WHAT IS NEEDED: Scan the lines below; pull out those with "center".

Stored dataset items
____
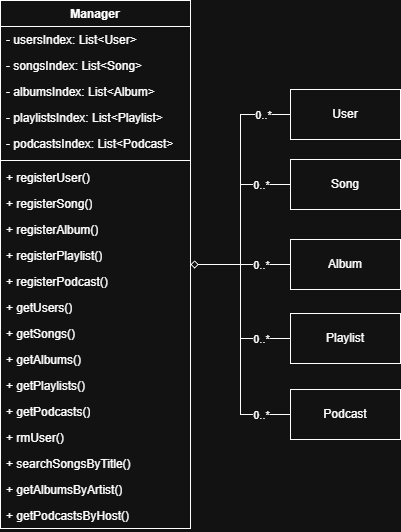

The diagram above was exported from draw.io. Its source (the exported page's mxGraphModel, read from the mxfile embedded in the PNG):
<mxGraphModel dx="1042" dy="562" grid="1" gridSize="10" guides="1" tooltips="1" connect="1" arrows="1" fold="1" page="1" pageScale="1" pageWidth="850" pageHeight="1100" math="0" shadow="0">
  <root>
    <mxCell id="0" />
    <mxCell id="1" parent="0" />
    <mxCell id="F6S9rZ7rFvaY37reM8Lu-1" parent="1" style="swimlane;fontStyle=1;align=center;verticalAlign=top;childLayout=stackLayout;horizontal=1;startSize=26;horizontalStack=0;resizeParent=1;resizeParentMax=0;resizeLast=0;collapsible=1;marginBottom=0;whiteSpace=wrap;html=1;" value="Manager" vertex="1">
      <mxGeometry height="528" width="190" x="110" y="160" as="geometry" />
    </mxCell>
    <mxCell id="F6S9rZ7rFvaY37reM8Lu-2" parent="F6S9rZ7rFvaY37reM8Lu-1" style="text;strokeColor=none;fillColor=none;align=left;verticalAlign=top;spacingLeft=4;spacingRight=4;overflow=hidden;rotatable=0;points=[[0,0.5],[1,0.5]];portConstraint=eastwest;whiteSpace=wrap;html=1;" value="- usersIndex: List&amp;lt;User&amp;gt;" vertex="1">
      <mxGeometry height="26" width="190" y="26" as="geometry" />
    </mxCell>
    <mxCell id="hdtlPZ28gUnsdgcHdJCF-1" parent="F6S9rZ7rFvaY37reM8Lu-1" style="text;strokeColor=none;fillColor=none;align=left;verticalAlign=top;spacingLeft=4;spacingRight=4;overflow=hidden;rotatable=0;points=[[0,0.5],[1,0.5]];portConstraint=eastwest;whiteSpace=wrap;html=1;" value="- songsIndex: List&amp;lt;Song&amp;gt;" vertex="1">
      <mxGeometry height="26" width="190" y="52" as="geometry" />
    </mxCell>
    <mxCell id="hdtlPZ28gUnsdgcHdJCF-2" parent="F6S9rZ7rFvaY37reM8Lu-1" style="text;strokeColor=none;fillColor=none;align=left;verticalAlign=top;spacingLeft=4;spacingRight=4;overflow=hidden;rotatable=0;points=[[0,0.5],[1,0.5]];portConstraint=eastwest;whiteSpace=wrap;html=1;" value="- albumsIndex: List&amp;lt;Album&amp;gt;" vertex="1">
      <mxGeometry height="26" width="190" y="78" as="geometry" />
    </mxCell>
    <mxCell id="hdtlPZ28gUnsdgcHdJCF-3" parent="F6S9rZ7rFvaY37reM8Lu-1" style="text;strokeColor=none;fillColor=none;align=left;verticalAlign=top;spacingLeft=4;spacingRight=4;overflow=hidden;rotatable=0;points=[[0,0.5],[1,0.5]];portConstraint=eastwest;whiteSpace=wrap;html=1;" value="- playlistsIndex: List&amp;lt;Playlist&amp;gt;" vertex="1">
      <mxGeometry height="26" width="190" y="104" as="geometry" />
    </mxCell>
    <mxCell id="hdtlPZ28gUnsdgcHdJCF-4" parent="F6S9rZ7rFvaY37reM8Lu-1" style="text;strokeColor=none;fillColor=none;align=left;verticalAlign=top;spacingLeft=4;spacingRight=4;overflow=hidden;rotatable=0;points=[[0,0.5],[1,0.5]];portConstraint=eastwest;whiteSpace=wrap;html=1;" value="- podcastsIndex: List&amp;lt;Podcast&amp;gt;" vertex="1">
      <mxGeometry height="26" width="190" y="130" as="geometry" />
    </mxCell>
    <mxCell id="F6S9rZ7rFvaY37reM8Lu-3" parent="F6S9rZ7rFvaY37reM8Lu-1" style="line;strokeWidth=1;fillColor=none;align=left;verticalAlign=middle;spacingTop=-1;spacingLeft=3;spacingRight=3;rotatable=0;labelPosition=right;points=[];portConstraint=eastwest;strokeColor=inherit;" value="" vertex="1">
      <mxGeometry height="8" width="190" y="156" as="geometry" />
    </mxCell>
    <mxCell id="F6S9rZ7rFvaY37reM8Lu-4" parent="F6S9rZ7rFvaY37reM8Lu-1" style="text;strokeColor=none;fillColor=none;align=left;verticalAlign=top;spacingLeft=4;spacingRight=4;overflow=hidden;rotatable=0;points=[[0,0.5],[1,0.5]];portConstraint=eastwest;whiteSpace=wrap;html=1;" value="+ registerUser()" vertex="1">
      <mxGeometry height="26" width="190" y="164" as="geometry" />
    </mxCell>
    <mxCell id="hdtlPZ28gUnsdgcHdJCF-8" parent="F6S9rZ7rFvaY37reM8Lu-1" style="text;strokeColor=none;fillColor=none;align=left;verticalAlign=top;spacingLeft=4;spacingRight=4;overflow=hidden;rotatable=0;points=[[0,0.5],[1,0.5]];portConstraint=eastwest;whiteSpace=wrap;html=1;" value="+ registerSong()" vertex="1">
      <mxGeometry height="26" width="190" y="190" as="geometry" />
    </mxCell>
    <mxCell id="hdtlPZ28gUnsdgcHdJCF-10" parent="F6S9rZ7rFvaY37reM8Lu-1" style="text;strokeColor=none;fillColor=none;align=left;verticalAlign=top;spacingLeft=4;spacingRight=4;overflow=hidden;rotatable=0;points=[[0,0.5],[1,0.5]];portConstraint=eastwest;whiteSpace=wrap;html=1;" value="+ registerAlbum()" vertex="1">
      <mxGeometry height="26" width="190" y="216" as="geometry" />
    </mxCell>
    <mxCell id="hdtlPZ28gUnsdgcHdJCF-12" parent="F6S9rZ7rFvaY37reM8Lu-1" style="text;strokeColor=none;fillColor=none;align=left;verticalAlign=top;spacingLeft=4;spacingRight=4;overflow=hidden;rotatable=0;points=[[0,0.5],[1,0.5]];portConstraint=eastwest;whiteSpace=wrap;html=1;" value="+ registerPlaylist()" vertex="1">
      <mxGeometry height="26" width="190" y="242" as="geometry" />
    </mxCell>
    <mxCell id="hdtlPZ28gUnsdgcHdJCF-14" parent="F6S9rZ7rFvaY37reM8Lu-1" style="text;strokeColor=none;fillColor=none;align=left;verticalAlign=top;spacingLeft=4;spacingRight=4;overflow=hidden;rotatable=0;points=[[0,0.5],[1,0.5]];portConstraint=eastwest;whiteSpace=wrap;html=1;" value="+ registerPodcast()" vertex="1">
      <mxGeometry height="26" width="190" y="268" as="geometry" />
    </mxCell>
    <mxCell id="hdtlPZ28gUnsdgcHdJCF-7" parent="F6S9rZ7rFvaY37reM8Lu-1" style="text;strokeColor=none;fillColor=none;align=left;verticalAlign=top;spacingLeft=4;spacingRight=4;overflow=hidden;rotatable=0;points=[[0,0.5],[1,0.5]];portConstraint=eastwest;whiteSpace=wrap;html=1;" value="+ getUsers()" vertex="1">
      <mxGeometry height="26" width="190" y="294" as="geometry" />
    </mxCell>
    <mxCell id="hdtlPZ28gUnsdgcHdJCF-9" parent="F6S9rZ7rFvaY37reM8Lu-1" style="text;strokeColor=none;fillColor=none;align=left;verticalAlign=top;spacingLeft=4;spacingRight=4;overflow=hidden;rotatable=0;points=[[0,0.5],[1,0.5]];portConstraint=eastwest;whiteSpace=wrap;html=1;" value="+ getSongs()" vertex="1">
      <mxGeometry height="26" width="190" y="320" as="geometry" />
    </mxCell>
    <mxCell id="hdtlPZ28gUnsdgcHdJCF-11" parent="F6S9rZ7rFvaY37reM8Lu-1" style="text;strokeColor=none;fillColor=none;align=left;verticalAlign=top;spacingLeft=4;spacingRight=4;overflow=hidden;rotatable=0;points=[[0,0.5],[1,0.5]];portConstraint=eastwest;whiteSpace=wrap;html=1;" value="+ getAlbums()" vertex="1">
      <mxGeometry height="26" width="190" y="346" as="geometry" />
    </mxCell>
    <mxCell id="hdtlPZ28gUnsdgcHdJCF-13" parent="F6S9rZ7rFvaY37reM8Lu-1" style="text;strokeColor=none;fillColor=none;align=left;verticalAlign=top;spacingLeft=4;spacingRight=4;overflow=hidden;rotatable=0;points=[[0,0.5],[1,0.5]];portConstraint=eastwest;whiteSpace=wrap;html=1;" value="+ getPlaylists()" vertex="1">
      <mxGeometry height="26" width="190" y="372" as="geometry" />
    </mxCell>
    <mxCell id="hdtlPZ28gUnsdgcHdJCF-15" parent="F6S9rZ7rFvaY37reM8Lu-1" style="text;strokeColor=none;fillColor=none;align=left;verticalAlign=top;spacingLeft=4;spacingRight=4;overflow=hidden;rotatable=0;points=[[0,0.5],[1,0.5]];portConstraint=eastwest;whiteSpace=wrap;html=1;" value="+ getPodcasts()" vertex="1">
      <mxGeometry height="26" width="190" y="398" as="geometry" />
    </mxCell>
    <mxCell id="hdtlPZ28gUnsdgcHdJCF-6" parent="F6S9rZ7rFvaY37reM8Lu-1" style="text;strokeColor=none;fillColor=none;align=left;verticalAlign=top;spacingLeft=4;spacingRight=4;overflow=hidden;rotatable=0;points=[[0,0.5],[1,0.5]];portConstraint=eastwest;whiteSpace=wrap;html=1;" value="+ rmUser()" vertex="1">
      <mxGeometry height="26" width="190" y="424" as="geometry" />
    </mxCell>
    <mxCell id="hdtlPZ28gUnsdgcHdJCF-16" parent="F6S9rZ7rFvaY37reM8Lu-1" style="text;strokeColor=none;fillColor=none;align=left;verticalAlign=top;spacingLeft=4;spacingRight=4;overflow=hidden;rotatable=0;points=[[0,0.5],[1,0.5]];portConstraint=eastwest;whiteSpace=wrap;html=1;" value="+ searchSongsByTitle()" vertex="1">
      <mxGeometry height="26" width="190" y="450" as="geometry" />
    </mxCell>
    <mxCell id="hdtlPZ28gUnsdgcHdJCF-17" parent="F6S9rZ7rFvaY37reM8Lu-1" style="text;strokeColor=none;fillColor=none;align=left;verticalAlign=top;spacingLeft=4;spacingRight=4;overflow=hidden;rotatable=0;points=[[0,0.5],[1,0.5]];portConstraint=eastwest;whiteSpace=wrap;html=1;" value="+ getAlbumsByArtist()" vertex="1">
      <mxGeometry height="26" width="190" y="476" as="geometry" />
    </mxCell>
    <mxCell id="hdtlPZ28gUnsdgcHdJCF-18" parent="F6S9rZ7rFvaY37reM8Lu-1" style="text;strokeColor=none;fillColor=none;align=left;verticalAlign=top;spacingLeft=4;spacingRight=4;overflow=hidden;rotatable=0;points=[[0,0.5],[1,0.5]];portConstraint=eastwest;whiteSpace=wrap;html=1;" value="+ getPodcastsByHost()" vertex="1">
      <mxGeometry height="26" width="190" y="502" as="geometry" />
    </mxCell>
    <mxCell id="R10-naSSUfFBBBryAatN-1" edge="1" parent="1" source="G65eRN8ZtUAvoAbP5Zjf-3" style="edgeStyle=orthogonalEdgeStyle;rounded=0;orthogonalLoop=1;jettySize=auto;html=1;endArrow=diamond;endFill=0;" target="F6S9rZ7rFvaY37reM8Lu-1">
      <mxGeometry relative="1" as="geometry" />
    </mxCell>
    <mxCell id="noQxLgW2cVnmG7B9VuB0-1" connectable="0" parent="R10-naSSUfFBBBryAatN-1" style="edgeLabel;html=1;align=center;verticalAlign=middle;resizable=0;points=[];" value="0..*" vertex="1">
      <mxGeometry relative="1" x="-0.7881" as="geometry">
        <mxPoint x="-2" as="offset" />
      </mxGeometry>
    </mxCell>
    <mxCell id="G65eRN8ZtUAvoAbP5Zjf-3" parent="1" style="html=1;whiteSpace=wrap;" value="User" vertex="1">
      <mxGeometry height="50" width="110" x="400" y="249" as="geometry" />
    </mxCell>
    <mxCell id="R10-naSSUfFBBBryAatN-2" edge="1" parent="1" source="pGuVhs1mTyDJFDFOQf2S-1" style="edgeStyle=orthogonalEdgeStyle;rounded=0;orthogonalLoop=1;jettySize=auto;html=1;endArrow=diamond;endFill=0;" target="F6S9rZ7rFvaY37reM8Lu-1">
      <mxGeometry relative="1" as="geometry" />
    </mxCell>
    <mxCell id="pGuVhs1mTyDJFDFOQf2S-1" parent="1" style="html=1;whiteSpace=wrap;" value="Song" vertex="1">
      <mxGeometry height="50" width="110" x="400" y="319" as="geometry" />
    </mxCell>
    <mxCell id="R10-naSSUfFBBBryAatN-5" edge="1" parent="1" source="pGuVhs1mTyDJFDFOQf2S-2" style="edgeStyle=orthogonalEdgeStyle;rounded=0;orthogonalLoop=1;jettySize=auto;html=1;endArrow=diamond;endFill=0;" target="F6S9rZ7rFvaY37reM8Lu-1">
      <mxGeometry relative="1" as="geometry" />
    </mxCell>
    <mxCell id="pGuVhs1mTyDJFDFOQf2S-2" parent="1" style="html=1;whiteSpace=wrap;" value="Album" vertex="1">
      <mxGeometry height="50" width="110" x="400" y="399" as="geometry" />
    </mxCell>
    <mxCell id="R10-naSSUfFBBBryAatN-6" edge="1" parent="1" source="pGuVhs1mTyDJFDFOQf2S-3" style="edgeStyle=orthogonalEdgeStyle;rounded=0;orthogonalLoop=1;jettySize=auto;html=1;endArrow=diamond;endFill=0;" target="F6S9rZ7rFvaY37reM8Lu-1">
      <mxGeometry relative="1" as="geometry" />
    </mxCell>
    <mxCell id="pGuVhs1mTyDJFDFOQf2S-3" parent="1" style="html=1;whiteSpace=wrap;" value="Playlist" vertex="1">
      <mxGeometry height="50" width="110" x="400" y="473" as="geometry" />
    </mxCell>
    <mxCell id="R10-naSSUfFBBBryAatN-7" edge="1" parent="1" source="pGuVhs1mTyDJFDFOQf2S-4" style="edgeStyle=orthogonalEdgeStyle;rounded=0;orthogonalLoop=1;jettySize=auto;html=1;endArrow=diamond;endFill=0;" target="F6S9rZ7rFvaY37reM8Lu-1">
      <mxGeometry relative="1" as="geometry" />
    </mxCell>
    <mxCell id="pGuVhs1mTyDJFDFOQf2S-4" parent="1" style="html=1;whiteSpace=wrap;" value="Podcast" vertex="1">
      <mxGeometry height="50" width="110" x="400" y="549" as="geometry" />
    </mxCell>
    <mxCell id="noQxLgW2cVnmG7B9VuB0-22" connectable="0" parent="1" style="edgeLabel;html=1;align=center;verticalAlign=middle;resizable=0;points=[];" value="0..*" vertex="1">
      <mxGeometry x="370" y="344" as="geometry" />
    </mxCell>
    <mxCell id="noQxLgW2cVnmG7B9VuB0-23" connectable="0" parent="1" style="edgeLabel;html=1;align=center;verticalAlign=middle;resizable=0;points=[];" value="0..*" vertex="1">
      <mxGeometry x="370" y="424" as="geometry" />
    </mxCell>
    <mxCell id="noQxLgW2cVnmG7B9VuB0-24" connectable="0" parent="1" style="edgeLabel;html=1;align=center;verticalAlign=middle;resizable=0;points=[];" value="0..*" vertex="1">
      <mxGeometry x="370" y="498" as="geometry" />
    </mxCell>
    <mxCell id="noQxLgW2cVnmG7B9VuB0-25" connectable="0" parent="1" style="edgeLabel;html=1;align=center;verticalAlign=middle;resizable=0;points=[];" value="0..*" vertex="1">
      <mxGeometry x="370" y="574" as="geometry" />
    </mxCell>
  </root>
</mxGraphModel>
____
EXPECTED OUTPUT:
    <mxCell id="F6S9rZ7rFvaY37reM8Lu-1" parent="1" style="swimlane;fontStyle=1;align=center;verticalAlign=top;childLayout=stackLayout;horizontal=1;startSize=26;horizontalStack=0;resizeParent=1;resizeParentMax=0;resizeLast=0;collapsible=1;marginBottom=0;whiteSpace=wrap;html=1;" value="Manager" vertex="1">
    <mxCell id="noQxLgW2cVnmG7B9VuB0-1" connectable="0" parent="R10-naSSUfFBBBryAatN-1" style="edgeLabel;html=1;align=center;verticalAlign=middle;resizable=0;points=[];" value="0..*" vertex="1">
    <mxCell id="noQxLgW2cVnmG7B9VuB0-22" connectable="0" parent="1" style="edgeLabel;html=1;align=center;verticalAlign=middle;resizable=0;points=[];" value="0..*" vertex="1">
    <mxCell id="noQxLgW2cVnmG7B9VuB0-23" connectable="0" parent="1" style="edgeLabel;html=1;align=center;verticalAlign=middle;resizable=0;points=[];" value="0..*" vertex="1">
    <mxCell id="noQxLgW2cVnmG7B9VuB0-24" connectable="0" parent="1" style="edgeLabel;html=1;align=center;verticalAlign=middle;resizable=0;points=[];" value="0..*" vertex="1">
    <mxCell id="noQxLgW2cVnmG7B9VuB0-25" connectable="0" parent="1" style="edgeLabel;html=1;align=center;verticalAlign=middle;resizable=0;points=[];" value="0..*" vertex="1">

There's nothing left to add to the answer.